Give again, word for word, each line of the data from the first through the one containing "of L6.end L0.start". Pictures stay out.

+++ Records for the exercise

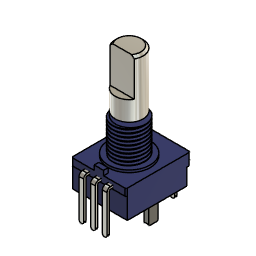
CUI_ACZ11BR2E-20FD1 (Autodesk Fusion 360 design; units mm, degrees)
Autodesk Fusion 360 part; units mm, degrees
sketch "Sketch1" plane through (0, 0, 0) normal (0, 0, 1) x (1, 0, 0) in component "Body"
  line L0 (5.85, -6.5) -> (-5.85, -6.5)
  line L1 (-5.85, -6.5) -> (-5.85, 7.25)
  line L2 (-5.85, 7.25) -> (5.85, 7.25)
  line L3 (5.85, 7.25) -> (5.85, -6.5)
  line L4 (5.85, -6.5) -> (-5.85, 7.25) construction
  line L5 (-5.85, -6.5) -> (5.85, 7.25) construction
  line L6 (0, 0.375) -> (0, 0) construction
  point P0 (0, 0.375)
  dimension "d1" = 11.7
  dimension "d2" = 7.25
  dimension "d3" = 6.5
  constraint horizontal L0
  constraint perpendicular L0 L1
  constraint parallel L0 L2
  constraint parallel L1 L3
  constraint coincident L4 P0
  constraint coincident L5 P0
  constraint coincident P0 L6.start
  constraint coincident L6.end origin
  constraint vertical L6
  measures "d1" distance of L1.end L2.end
  measures "d2" vertical distance of L6.end L2.end
  measures "d3" vertical distance of L6.end L0.start
extrude "Extrude1" add sketch "Sketch1" along normal blind 6 makes body 1 in component "Body"
sketch "Sketch2" plane through (0, 0, 6) normal (0, 0, 1) x (-1, 0, 0) in component "Body"
  line L0 (-5.85, -7.25) -> (5.85, -7.25)
  line L1 (5.85, -7.25) -> (5.85, 6.5)
  line L2 (5.85, 6.5) -> (-5.85, 6.5)
  line L3 (-5.85, 6.5) -> (-5.85, -7.25)
  circle A0 centre (0, 0) radius 4.5
  dimension "d6" = 9
  constraint coincident A0.centre origin
  measures "d6" diameter of A0
extrude "Extrude2" add sketch "Sketch2" along normal blind 0.5 contours A0 bodies 1 in component "Body"
sketch "Sketch3" plane through (0, 0, 6.5) normal (0, 0, 1) x (-1, 0, 0) in component "Body"
  circle A0 centre (0, 0) radius 4.5
  circle A1 centre (0, 0) radius 3.5
  dimension "d9" = 7
  constraint concentric A0 A1
  measures "d9" diameter of A1
extrude "Extrude3" add sketch "Sketch3" along normal blind 7 contours A1 bodies 1 in component "Body"
thread "Thread1" "ISO Metric profile 7.0 M7x0.75 6g" major diameter 6.908 minor diameter 6.0475 pitch 0.75 angle 60 modelled right hand crest width 0.1053 on face at (-3.4826, 0.3485, 11.1667) crest through (-3.454, 0, 6.3125) on bodies 1 in component "Body"
sketch "Sketch4" plane through (0, 0, 6) normal (0, 0, 1) x (-1, 0, 0) in component "Body"
  circle A0 centre (0, 0) radius 4.5
  line L0 (-5.85, -7.25) -> (5.85, -7.25)
  line L1 (5.85, -7.25) -> (5.85, 6.5)
  line L2 (5.85, 6.5) -> (-5.85, 6.5)
  line L3 (-5.85, 6.5) -> (-5.85, -7.25)
  line L4 (0, 0) -> (0, 6.5) construction
  line L5 (-1, 6.5) -> (1, 6.5)
  line L6 (1, 6.5) -> (1, 5.5)
  line L7 (1, 5.5) -> (-1, 5.5)
  line L8 (-1, 5.5) -> (-1, 6.5)
  line L9 (-1, 6.5) -> (1, 5.5) construction
  line L10 (1, 6.5) -> (-1, 5.5) construction
  point P0 (0, 6)
  dimension "d12" = 2
  dimension "d13" = 1
  dimension "d14" = 6
  constraint coincident A0.centre L4.start
  constraint midpoint L2 L4.end
  constraint horizontal L5
  constraint perpendicular L5 L6
  constraint parallel L5 L7
  constraint parallel L6 L8
  constraint coincident L9 P0
  constraint coincident L10 P0
  constraint coincident L4 P0
  measures "d12" distance of L6.end L7.end
  measures "d13" distance of L5.end L6.end
  measures "d14" distance of A0.centre P0
extrude "Extrude4" add sketch "Sketch4" along normal blind 1 contours L2 L5 L6 L7 L8 bodies 1 in component "Body"
sketch "Sketch6" plane through (-5.85, 0, 0) normal (-1, 0, 0) x (0, -1, 0) in component "Body"
  line L0 (-7.25, 0) -> (6.5, 0)
  line L1 (6.5, 0) -> (6.5, 6)
  line L2 (6.5, 6) -> (-7.25, 6)
  line L3 (-7.25, 6) -> (-7.25, 0)
  line L4 (-7.25, 4.5) -> (-7, 4.5)
  line L5 (-7, 4.5) -> (-7, 3.5)
  line L6 (-7, 3.5) -> (-6.5, 3.5)
  line L7 (-6.5, 3.5) -> (-6.5, 0)
  line L8 (-6.5, 0) -> (-7.25, 0)
  line L9 (-7.25, 0) -> (-7.25, 4.5)
  line L10 (6.5, 4.5) -> (6.25, 4.5)
  line L11 (6.25, 4.5) -> (6.25, 0)
  line L12 (6.25, 0) -> (6.5, 0)
  line L13 (6.5, 0) -> (6.5, 4.5)
  dimension "d18" = 1.5
  dimension "d19" = 1
  dimension "d20" = 0.25
  dimension "d21" = 0.75
  dimension "d22" = 0.25
  dimension "d23" = 4.5
  dimension "d24" = 4.5
  constraint coincident L3 L4.start
  constraint perpendicular L3 L4
  constraint perpendicular L4 L5
  constraint perpendicular L5 L6
  constraint coincident L0 L7.end
  constraint perpendicular L0 L7
  constraint perpendicular L3 L8
  constraint perpendicular L4 L9
  constraint coincident L1 L10.start
  constraint perpendicular L1 L10
  constraint coincident L0 L11.end
  constraint perpendicular L0 L11
  constraint coincident L0.end L1.start
  measures "d18" distance of L2.end L4.start
  measures "d19" distance of L4.end L5.end
  measures "d20" distance of L4.start L4.end
  measures "d21" horizontal distance of L4.start L6.end
  measures "d22" distance of L10.start L10.end
  measures "d23" distance of L4.start L0.start
  measures "d24" distance of L10.end L11.end
extrude "Extrude5" cut sketch "Sketch6" against normal through all contours L0 L3 L4 L5 L6 L7 L8 L9 | L0 L1 L10 L11 L12 L13 bodies 1 in component "Body"
fillet "Fillet1" radius 0.25 4 edges at (5.85, -6.5, 5.25) (-5.85, -6.5, 5.25) (5.85, 7.25, 5.25) (-5.85, 7.25, 5.25) on bodies 1 in component "Body"
sketch "Sketch1 (2)" plane through (0, 0, 13.5) normal (0, 0, 1) x (-1, 0, 0) in component "Shaft"
  spline S0 degree 3 poles (1.2545, 2.7513) (0.9045, 2.9407) (0.5206, 3.059) (-0.2814, 3.1449) (-0.692, 3.1077) (-1.4866, 2.8769) (-1.8618, 2.6817) (-2.5256, 2.1535) (-2.8055, 1.8225) (-3.1606, 1.1866) (-3.2707, 0.9073) (-3.4159, 0.3225) (-3.4491, 0.0192) (-3.4423, -0.2844) knots 0 0 0 0 0.119376 0.119376 0.241821 0.241821 0.367335 0.367335 0.495916 0.495916 0.585378 0.585378 0.676274 0.676274 0.676274 0.676274
  arc A0 (-3.4423, -0.2844) -> (-1.9674, -2.8389) centre (0, 0) ccw
  spline S1 degree 3 poles (-1.9674, -2.8389) (-1.5881, -3.0695) (-1.1679, -3.2246) (-0.3016, -3.3616) (0.1356, -3.346) (0.9687, -3.1486) (1.3575, -2.9725) (2.0363, -2.4858) (2.322, -2.183) (2.6866, -1.6004) (2.8011, -1.349) (2.9588, -0.8271) (3.0024, -0.5593) (3.0099, -0.2892) knots 0 0 0 0 0.133171 0.133171 0.263268 0.263268 0.39029 0.39029 0.514237 0.514237 0.596919 0.596919 0.678165 0.678165 0.678165 0.678165
  arc A1 (3.0099, -0.2892) -> (1.2545, 2.7513) centre (0, 0) ccw
  circle A2 centre (0, 0) radius 1.5
  dimension "d28" = 3
  constraint coincident A0.centre A1.centre
  measures "d28" diameter of A2
extrude "Extrude1'" add sketch "Sketch1 (2)" along normal blind 0.8 separate body contours A2 makes body 2 in component "Shaft"
sketch "Sketch2 (2)" plane through (0, 0, 14.3) normal (0, 0, 1) x (-1, 0, 0) in component "Shaft"
  circle A0 centre (0, 0) radius 1.5
  circle A1 centre (0, 0) radius 3
  dimension "d31" = 6
  constraint concentric A0 A1
  measures "d31" diameter of A1
extrude "Extrude2'" add sketch "Sketch2 (2)" along normal blind 12.2 contours A0 | A1 bodies 2 in component "Shaft"
chamfer "Chamfer1" distance 0.5 angle 45 1 edges at (2.797, 1.0848, 26.5) on bodies 2 in component "Shaft"
sketch "Sketch3 (2)" plane through (0, 0, 26.5) normal (0, 0, 1) x (-1, 0, 0) in component "Shaft"
  circle A0 centre (0, 0) radius 2.5
  circle A1 centre (0, 0) radius 3
  line L0 (2.5981, 1.5) -> (-2.5981, 1.5)
  line L1 (0, -3) -> (0, 1.5) construction
  arc A2 (2.5981, 1.5) -> (-2.5981, 1.5) centre (0, 0) ccw
  dimension "d35" = 4.5
  constraint coincident A1 L1.start
  constraint coincident L0 L1.end
  constraint perpendicular L0 L1
  constraint coincident A0.centre L1
  constraint coincident A1 L0.end
  constraint coincident A1 L0.start
  constraint horizontal L0
  constraint coincident A0.centre A1.centre
  measures "d35" distance of L1.start L1.end
extrude "Extrude3'" cut sketch "Sketch3 (2)" against normal blind 8 contours A0 L0 | A0 A1 L0 A2 picked at (0.2131, 1.8706) bodies 2 in component "Shaft"
sketch "Sketch1 (3)" plane through (0, -6.25, 0) normal (0, -1, 0) x (1, 0, 0) in component "Pins"
  line L0 (5.85, 0) -> (5.85, 4.5)
  line L1 (5.85, 4.5) -> (-5.85, 4.5)
  line L2 (-5.85, 4.5) -> (-5.85, 0)
  line L3 (-5.85, 0) -> (5.85, 0)
  line L4 (0.5, 4.75) -> (-0.5, 4.75)
  line L5 (-0.5, 4.75) -> (-0.5, 5.25)
  line L6 (-0.5, 5.25) -> (0.5, 5.25)
  line L7 (0.5, 5.25) -> (0.5, 4.75)
  line L8 (0.5, 4.75) -> (-0.5, 5.25) construction
  line L9 (-0.5, 4.75) -> (0.5, 5.25) construction
  line L10 (0, 6) -> (0, 0) construction
  point P0 (0, 5)
  dimension "d38" = 1
  dimension "d39" = 0.5
  dimension "d41" = 0.5
  constraint horizontal L4
  constraint perpendicular L4 L5
  constraint parallel L4 L6
  constraint parallel L5 L7
  constraint coincident L8 P0
  constraint coincident L9 P0
  constraint coincident L10.end origin
  constraint perpendicular L3 L10
  constraint coincident P0 L10
  measures "d38" distance of L5.end L6.end
  measures "d39" distance of L4.end L5.end
  measures "d41" distance of L1 P0
sketch "Sketch2 (3)" plane through (0, 0, 0) normal (1, 0, 0) x (0, 1, 0) in component "Pins"
  line L0 (0, 0) -> (-7.5, 0) construction
  line L1 (-7.5, -4) -> (-7.5, -3.9301)
  line L2 (-7.5, -3.9301) -> (-7.5, 4.5)
  arc A0 (-7, 5) -> (-7.5, 4.5) centre (-7, 4.5) ccw
  line L3 (-7, 4.5) -> (-7, 5) construction
  line L4 (-7, 4.5) -> (-7.5, 4.5) construction
  line L5 (-7, 5) -> (-6.25, 5)
  line L6 (-7, 5) -> (-7, 0) construction
  point P0 (-6.25, 5)
  point P1 (-6.25, 0)
  dimension "d42" = 7.5
  dimension "d43" = 4
  dimension "d44" = 90
  dimension "d45" = 0.5
  constraint coincident L0.start origin
  constraint horizontal L0
  constraint perpendicular L0 L1
  constraint perpendicular L0 L2
  constraint coincident P0 L5.end
  constraint horizontal L5
  constraint coincident L0 L6.end
  constraint perpendicular L0 L6
  constraint coincident A0.centre L6
  constraint coincident L0.end L2
  measures "d42" distance of L0.start L0.end
  measures "d43" distance of L0.end L1.start
  measures "d44" angle of L3 L4
  measures "d45" radius of A0
sweep "Sweep1" add profiles "Sketch1 (3)" path "Sketch2 (3)" along L1 L2 A0 L5 section 1 contours L4 L5 L6 L7 separate body makes body 3 in component "Pins"
fillet "Fillet1'" radius 0.5 2 edges at (0.5, -7.5, -4) (-0.5, -7.5, -4) on bodies 3 in component "Pins"
pattern_linear "R-Pattern1" count 3 spacing 2.5 along (1, 0, 0) both ways of bodies 3 makes body 4 at (-2.3333, -7.25, -0.8334) makes body 5 at (2.6667, -7.75, 1.8333) in component "Pins"
sketch "Sketch3 (3)" plane through (0, 6.5, 0) normal (0, 1, 0) x (-1, 0, 0) in component "Pins"
  line L0 (-5.85, 3.5) -> (-5.85, 0)
  line L1 (-5.85, 0) -> (5.85, 0)
  line L2 (5.85, 0) -> (5.85, 3.5)
  line L3 (5.85, 3.5) -> (-5.85, 3.5)
  line L4 (0, 0) -> (0, 3.5) construction
  line L5 (-2.5, 0) -> (-2.5, 3.5) construction
  line L6 (-2, 0.5) -> (-3, 0.5)
  line L7 (-3, 0.5) -> (-3, 1)
  line L8 (-3, 1) -> (-2, 1)
  line L9 (-2, 1) -> (-2, 0.5)
  line L10 (-2, 0.5) -> (-3, 1) construction
  line L11 (-3, 0.5) -> (-2, 1) construction
  point P0 (-2.5, 0.75)
  dimension "d58" = 2.5
  dimension "d59" = 1
  dimension "d60" = 0.5
  dimension "d61" = 0.75
  constraint coincident L4.start origin
  constraint midpoint L3 L4.end
  constraint coincident L1 L5.start
  constraint coincident L3 L5.end
  constraint perpendicular L3 L5
  constraint horizontal L6
  constraint perpendicular L6 L7
  constraint parallel L6 L8
  constraint parallel L7 L9
  constraint coincident L10 P0
  constraint coincident L11 P0
  constraint coincident L5 P0
  measures "d58" distance of L4.end L5.end
  measures "d59" distance of L7.end L8.end
  measures "d60" distance of L6.end L7.end
  measures "d61" distance of L5.start P0
sketch "Sketch4 (2)" plane through (0, 0, 0) normal (1, 0, 0) x (0, 1, 0) in component "Pins"
  line L0 (0, 0) -> (7, 0) construction
  line L1 (7, 0.25) -> (7, -4)
  arc A0 (7, 0.25) -> (6.5, 0.75) centre (6.5, 0.25) ccw
  line L2 (6.5, 0.25) -> (7, 0.25) construction
  line L3 (6.5, 0.25) -> (6.5, 0.75) construction
  point P0 (6.5, 0.75)
  point P1 (6.5, 0)
  dimension "d62" = 7
  dimension "d63" = 4
  dimension "d64" = 90
  dimension "d65" = 0.5
  constraint coincident L0.end L1
  constraint vertical L3
  constraint coincident L0.start origin
  constraint coincident L1.start A0.start
  constraint vertical L1
  constraint coincident P1 L0
  constraint coincident P0 A0.end
  measures "d62" distance of L0.start L0.end
  measures "d63" distance of L0.end L1.end
  measures "d64" angle of L2 L3
  measures "d65" radius of A0
sweep "Sweep2" add profiles "Sketch3 (3)" path "Sketch4 (2)" along A0 L1 section 1 contours L6 L7 L8 L9 separate body makes body 6 in component "Pins"
fillet "Fillet2" radius 0.5 2 edges at (3, 7, -4) (2, 7, -4) on bodies 6 in component "Pins"
pattern_linear "R-Pattern2" count 2 spacing 5 along (-1, 0, 0) of bodies 6 makes body 7 in component "Pins"
sketch "Sketch5" plane through (0, 0, 0) normal (0, 0, -1) x (1, 0, 0) in component "Pins"
  line L0 (-5.85, -6.5) -> (5.85, -6.5)
  line L1 (5.85, -6.5) -> (5.85, 6.25)
  line L2 (5.85, 6.25) -> (-5.85, 6.25)
  line L3 (-5.85, 6.25) -> (-5.85, -6.5)
  line L4 (5.85, 0) -> (-5.85, 0) construction
  line L5 (5.2, 1) -> (4.2, 1)
  line L6 (4.2, 1) -> (4.2, -1)
  line L7 (4.2, -1) -> (5.2, -1)
  line L8 (5.2, -1) -> (5.2, 1)
  line L9 (5.2, 1) -> (4.2, -1) construction
  line L10 (4.2, 1) -> (5.2, -1) construction
  line L11 (-5.2, 1) -> (-4.2, 1)
  line L12 (-4.2, 1) -> (-4.2, -1)
  line L13 (-4.2, -1) -> (-5.2, -1)
  line L14 (-5.2, -1) -> (-5.2, 1)
  line L15 (-5.2, 1) -> (-4.2, -1) construction
  line L16 (-4.2, 1) -> (-5.2, -1) construction
  line L17 (0, 0) -> (0, -6.5) construction
  point P0 (4.7, 0)
  point P1 (-4.7, 0)
  dimension "d78" = 1
  dimension "d79" = 2
  dimension "d80" = 9.4
  constraint coincident L1 L4.start
  constraint coincident L3 L4.end
  constraint perpendicular L3 L4
  constraint coincident L17.start L4
  constraint horizontal L5
  constraint perpendicular L5 L6
  constraint parallel L5 L7
  constraint parallel L6 L8
  constraint coincident L9 P0
  constraint coincident L10 P0
  constraint coincident L4 P0
  constraint horizontal L11
  constraint perpendicular L11 L12
  constraint parallel L11 L13
  constraint parallel L12 L14
  constraint coincident L15 P1
  constraint coincident L16 P1
  constraint coincident L4 P1
  constraint equal L7 L13
  constraint equal L6 L14
  constraint coincident L17.start origin
  constraint midpoint L0 L17.end
  constraint symmetric P0 P1 L17
  measures "d78" distance of L6.end L7.end
  measures "d79" distance of L5.end L6.end
  measures "d80" distance of P0 P1
extrude "Extrude1''" add sketch "Sketch5" along normal blind 4 separate body contours L5 L6 L7 L8 | L11 L12 L13 L14 makes body 8 at (5.2, 0.3333, -1.3333) makes body 9 at (-4.2, -0.3333, -1.3333) in component "Pins"
fillet "Fillet3" radius 0.25 4 edges at (4.7, -1, -4) (4.7, 1, -4) (-4.7, -1, -4) (-4.7, 1, -4) on bodies 8 9 in component "Pins"
component "Body" placed x (1, 0, 0) y (0, 1, 0) z (0, 0, 1) at (0, 0, 0)
component "Shaft" placed x (1, 0, 0) y (0, 1, 0) z (0, 0, 1) at (0, 0, 0)
component "Pins" placed x (1, 0, 0) y (0, 1, 0) z (0, 0, 1) at (0, 0, 0)
equation "d22 = d20"

++++++

--- Answer space ---
CUI_ACZ11BR2E-20FD1 (Autodesk Fusion 360 design; units mm, degrees)
Autodesk Fusion 360 part; units mm, degrees
sketch "Sketch1" plane through (0, 0, 0) normal (0, 0, 1) x (1, 0, 0) in component "Body"
  line L0 (5.85, -6.5) -> (-5.85, -6.5)
  line L1 (-5.85, -6.5) -> (-5.85, 7.25)
  line L2 (-5.85, 7.25) -> (5.85, 7.25)
  line L3 (5.85, 7.25) -> (5.85, -6.5)
  line L4 (5.85, -6.5) -> (-5.85, 7.25) construction
  line L5 (-5.85, -6.5) -> (5.85, 7.25) construction
  line L6 (0, 0.375) -> (0, 0) construction
  point P0 (0, 0.375)
  dimension "d1" = 11.7
  dimension "d2" = 7.25
  dimension "d3" = 6.5
  constraint horizontal L0
  constraint perpendicular L0 L1
  constraint parallel L0 L2
  constraint parallel L1 L3
  constraint coincident L4 P0
  constraint coincident L5 P0
  constraint coincident P0 L6.start
  constraint coincident L6.end origin
  constraint vertical L6
  measures "d1" distance of L1.end L2.end
  measures "d2" vertical distance of L6.end L2.end
  measures "d3" vertical distance of L6.end L0.start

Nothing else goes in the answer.